We on this side of the House in all good faith on numerous occasions said to the Government of 1987-89, "If you want to set up an all-party committee to examine tax reform Fine Gael will be the first people in there to participate". The response was, "No, that is the business of Government; we are interfering". What did Government do since 1987 to date? Precisely nothing in relation to tax reform. Next year we will be facing into the local elections. The NESC report states clearly that we need a property tax. I do not know whether property tax is the real answer, but that is what they are saying and this is the report we are debating. The Minister, Deputy O'Kennedy, would appear to be the next speaker. Since they have rejected the offer of the Opposition Party to participate in an all-party committee to deal with tax reform and our suggestion for a national forum for 1992 and they regard our suggestions as an interference in Government, and in view of the fact that they are now accepting total responsibility themselves, perhaps they will tell us whether they are going to introduce a property tax. What proposals have we for reductions or a reform of the taxation system? It is grand to be able to say we will bring down income tax next year but bringing down income tax next year is not the real answer to this problem. It is not a question of whether you pay tax at 56, 54, 35 or 33 per cent, it is a question of recognising effort, of having a structure which provides that if you do that extra bit our taxation system will not take as much from you, because it is a bonus structure or a profit-sharing structure, as if you were just getting an increase in salary.
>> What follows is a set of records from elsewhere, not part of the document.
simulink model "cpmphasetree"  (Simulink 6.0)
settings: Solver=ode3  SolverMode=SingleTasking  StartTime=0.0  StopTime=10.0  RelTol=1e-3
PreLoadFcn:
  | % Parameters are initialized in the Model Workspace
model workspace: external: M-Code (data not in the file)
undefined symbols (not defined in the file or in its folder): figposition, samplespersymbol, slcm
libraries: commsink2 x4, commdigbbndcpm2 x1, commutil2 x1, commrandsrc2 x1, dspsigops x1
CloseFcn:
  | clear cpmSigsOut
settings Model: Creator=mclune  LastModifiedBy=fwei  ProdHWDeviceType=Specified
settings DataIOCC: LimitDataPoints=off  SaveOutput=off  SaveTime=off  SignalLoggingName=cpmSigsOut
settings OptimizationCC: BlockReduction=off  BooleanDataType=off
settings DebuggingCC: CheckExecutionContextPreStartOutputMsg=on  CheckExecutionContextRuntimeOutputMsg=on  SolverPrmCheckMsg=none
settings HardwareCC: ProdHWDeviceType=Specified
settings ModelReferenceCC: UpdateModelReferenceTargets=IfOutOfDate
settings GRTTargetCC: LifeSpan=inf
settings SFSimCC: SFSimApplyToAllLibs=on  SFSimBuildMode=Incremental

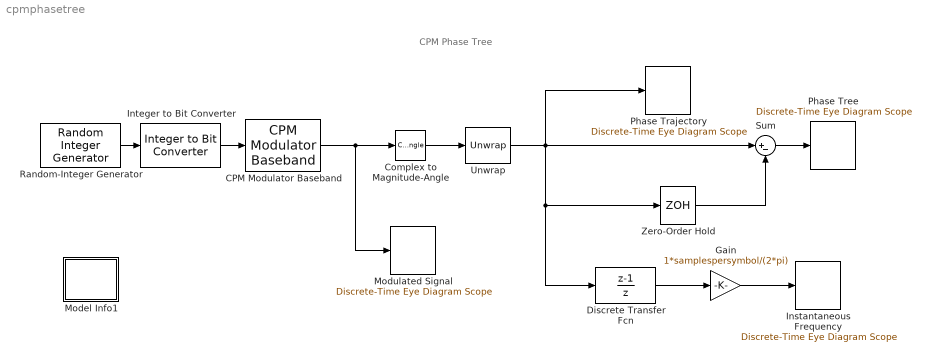
== system cpmphasetree ==
  note: CPM Phase Tree
  CPM Modulator Baseband : commdigbbndcpm2/CPM Modulator Baseband  Mnum=2  inputType=Bit  mappingType=Binary  modIdx=.5  pulseShape=Raised Cosine  BT=0.5  mainLobePulseLength=1  rollOff=0.2  pulseLength=1  preHistory=-1  phaseOffset=0  samplesPerSymbol=samplespersymbol
  Complex to Magnitude-Angle : ComplexToMagnitudeAngle  Output=Angle
  Discrete Transfer Fcn : DiscreteTransferFcn  Numerator=[1 -1]  Denominator=[1 0]  SampleTime=sampletime/samplespersymbol
  Gain : Gain  Gain=1*samplespersymbol/(2*pi)  SaturateOnIntegerOverflow=on
  Instantaneous Frequency : commsink2/Discrete-Time Eye Diagram Scope  Tag=EyeDiagram  sampPerSymb=samplespersymbol;  offsetEye=8  symbPerTrace=1  numTraces=48  numNewFrames=12  LineStyles=-  LineColors=b  dupPoints=on  fading=on  render=on  AxisGrid=on  yMin=-0.543093875812644  yMax=0.545562484339066  inphaseLabel=Instantaneous Frequency (MHz)  quadratureLabel=Quadrature Amplitude  openScopeAtSimStart=on  dispDiagram=In-phase Only  FrameNumber=off  FigPos=[576 445 403 350]  figTitle=Eye Diagram  block_type_=eye  numLinesMax=8
  Integer to Bit Converter : commutil2/Integer to Bit Converter  nbits=1
  Model Info1 : Subsystem  LoadFcn=slcm LoadBlock;  InitFcn=slcm('UpdateAllCMBlocksInThisModelInit')  EnableExecutionContextPropagation=on  mask(CMBlock){InitialSaveTempField=, InitialBlockCM=none, BlockCM=none, Frame=on, SaveTempField=, DisplayStringWithTags=Info, MaskDisplayString=Info, HorizontalTextAlignment=Center, LeftAlignmentValue=0.5, SourceBlockDiagram=cpmphasetree, TagMaxNumber=20, CMTag1=, CMTag2=, CMTag3=, CMTag4=, CMTag5=, CMTag6=, CMTag7=, CMTag8=, CMTag9=, CMTag10=, CMTag11=, CMTag12=, CMTag13=, CMTag14=, CMTag15=, CMTag16=, CMTag17=, CMTag18=, CMTag19=, CMTag20=}
      mask help: This block allows revision control information to be displayed within the model.
      settings: CopyFcn=slcm CopyBlock;  DeleteFcn=slcm Cancel;  PostSaveFcn=slcm('UpdateAllCMBlocksInThisModel')  NameChangeFcn=slcm Rename;  OpenFcn=commdemohelp;
      mask Display: text(str2num(LeftAlignmentValue), 0.5, MaskDisplayString, 'HorizontalAlignment', HorizontalTextAlignment)
  Modulated Signal : commsink2/Discrete-Time Eye Diagram Scope  Tag=EyeDiagram  sampPerSymb=samplespersymbol  offsetEye=8  symbPerTrace=2  numTraces=48  numNewFrames=12  LineStyles=-  LineColors=b  dupPoints=off  fading=on  render=on  AxisGrid=off  yMin=-1.1  yMax=1.105  inphaseLabel=In-phase Amplitude  quadratureLabel=Quadrature Amplitude  openScopeAtSimStart=off  dispDiagram=In-phase and Quadrature  FrameNumber=off  FigPos=figposition([5 60 30 30]);  figTitle=Eye Diagram  block_type_=eye  numLinesMax=8
  Phase Trajectory : commsink2/Discrete-Time Eye Diagram Scope  Tag=EyeDiagram  sampPerSymb=samplespersymbol  offsetEye=8  symbPerTrace=1  numTraces=48  numNewFrames=12  LineStyles=-  LineColors=r  dupPoints=off  fading=on  render=on  AxisGrid=on  yMin=-30  yMax=30  inphaseLabel=Phase Trajectory (rad.)  quadratureLabel=Quadrature Amplitude  openScopeAtSimStart=off  dispDiagram=In-phase Only  FrameNumber=off  FigPos=[58 52 288 250]  figTitle=Eye Diagram  block_type_=eye  numLinesMax=8
  Phase Tree : commsink2/Discrete-Time Eye Diagram Scope  Tag=EyeDiagram  sampPerSymb=samplespersymbol*3;  offsetEye=samplespersymbol*(3/2);  symbPerTrace=1  numTraces=16*3;  numNewFrames=samplespersymbol*(3/2);  LineMarkers=None  LineStyles=-  LineColors=m  dupPoints=off  fading=on  render=on  AxisGrid=on  yMin=-5.18091584979669  yMax=5.20446546729577  inphaseLabel=Phase Trajectory (rad.)  quadratureLabel=Quadrature Amplitude  openScopeAtSimStart=on  dispDiagram=In-phase Only  FrameNumber=off  FigPos=[576 45 346 301]  figTitle=Eye Diagram  block_type_=eye  numLinesMax=8
  Random-Integer Generator : commrandsrc2/Random Integer Generator  mul=2  seed=37  Ts=sampletime  frameBased=off  sampPerFrame=1  orient=off
  Sum : Sum  Inputs=|+-  SaturateOnIntegerOverflow=on  InputSameDT=on
  Unwrap : dspsigops/Unwrap  running=off  tol=pi
  Zero-Order Hold : ZeroOrderHold  SampleTime=1*sampletime*3
  wires:
  Complex to Magnitude-Angle/1 -> Unwrap/1
  Unwrap/1 -> Zero-Order Hold/1, Discrete Transfer Fcn/1, Sum/1, Phase Trajectory/1
  Zero-Order Hold/1 -> Sum/2
  Sum/1 -> Phase Tree/1
  Random-Integer Generator/1 -> Integer to Bit Converter/1
  Integer to Bit Converter/1 -> CPM Modulator Baseband/1
  CPM Modulator Baseband/1 -> Complex to Magnitude-Angle/1, Modulated Signal/1
  Discrete Transfer Fcn/1 -> Gain/1
  Gain/1 -> Instantaneous Frequency/1

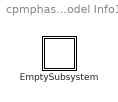
== system cpmphasetree/Model Info1 ==
  EmptySubsystem : Subsystem  EnableExecutionContextPropagation=on

== system cpmphasetree/Model Info1/EmptySubsystem ==

We could start in our own commercial State bodies with this one. There is no reason on this earth why BTE, the ESB, Telefís Éireann or any of the commercial State bodies should not have profit-sharing and bonus schemes introduced for employees provided those State bodies achieve certain targets. There is no reason those bodies could not produce a tremendous amount of wealth for this country. They have the personnel, the skills and the professionalism available in industry. We have engineers who today are working in one of the largest multinational telecommunications companies in the world and where did they come from? The engineers, the people chiefly who brought about that situation of that company, are ex-P and T engineers, ex-employees of the State. These people go to private industry and build it up. They are working for multinationals but, unfortunately, all the profits go out of this country. Why can we not have the same in BTE and the ESB? Why must we wait until they go to one of the multinationals before they can use their real talents? Their ability and talents are recognised there and it is our system that prevents those talents from flourishing.

Debate adjourned.
Sitting suspended at 1.30 p.m. and resumed at 2.30 p.m.

I wish to raise on the Adjournment the confusion in the operation of the higher education grants scheme as it affects students attending the University of Limerick. These students are required to produce letters of grant approval from the county council to register in the college on Friday of this week but these letters have not been issued by at least one county council in the region.

I will be in touch with the Deputy concerning that matter. It is unusual to raise matters at the commencement of Question Time. I would much prefer if Deputies wishing to raise matters would wait until the conclusion of Question Time.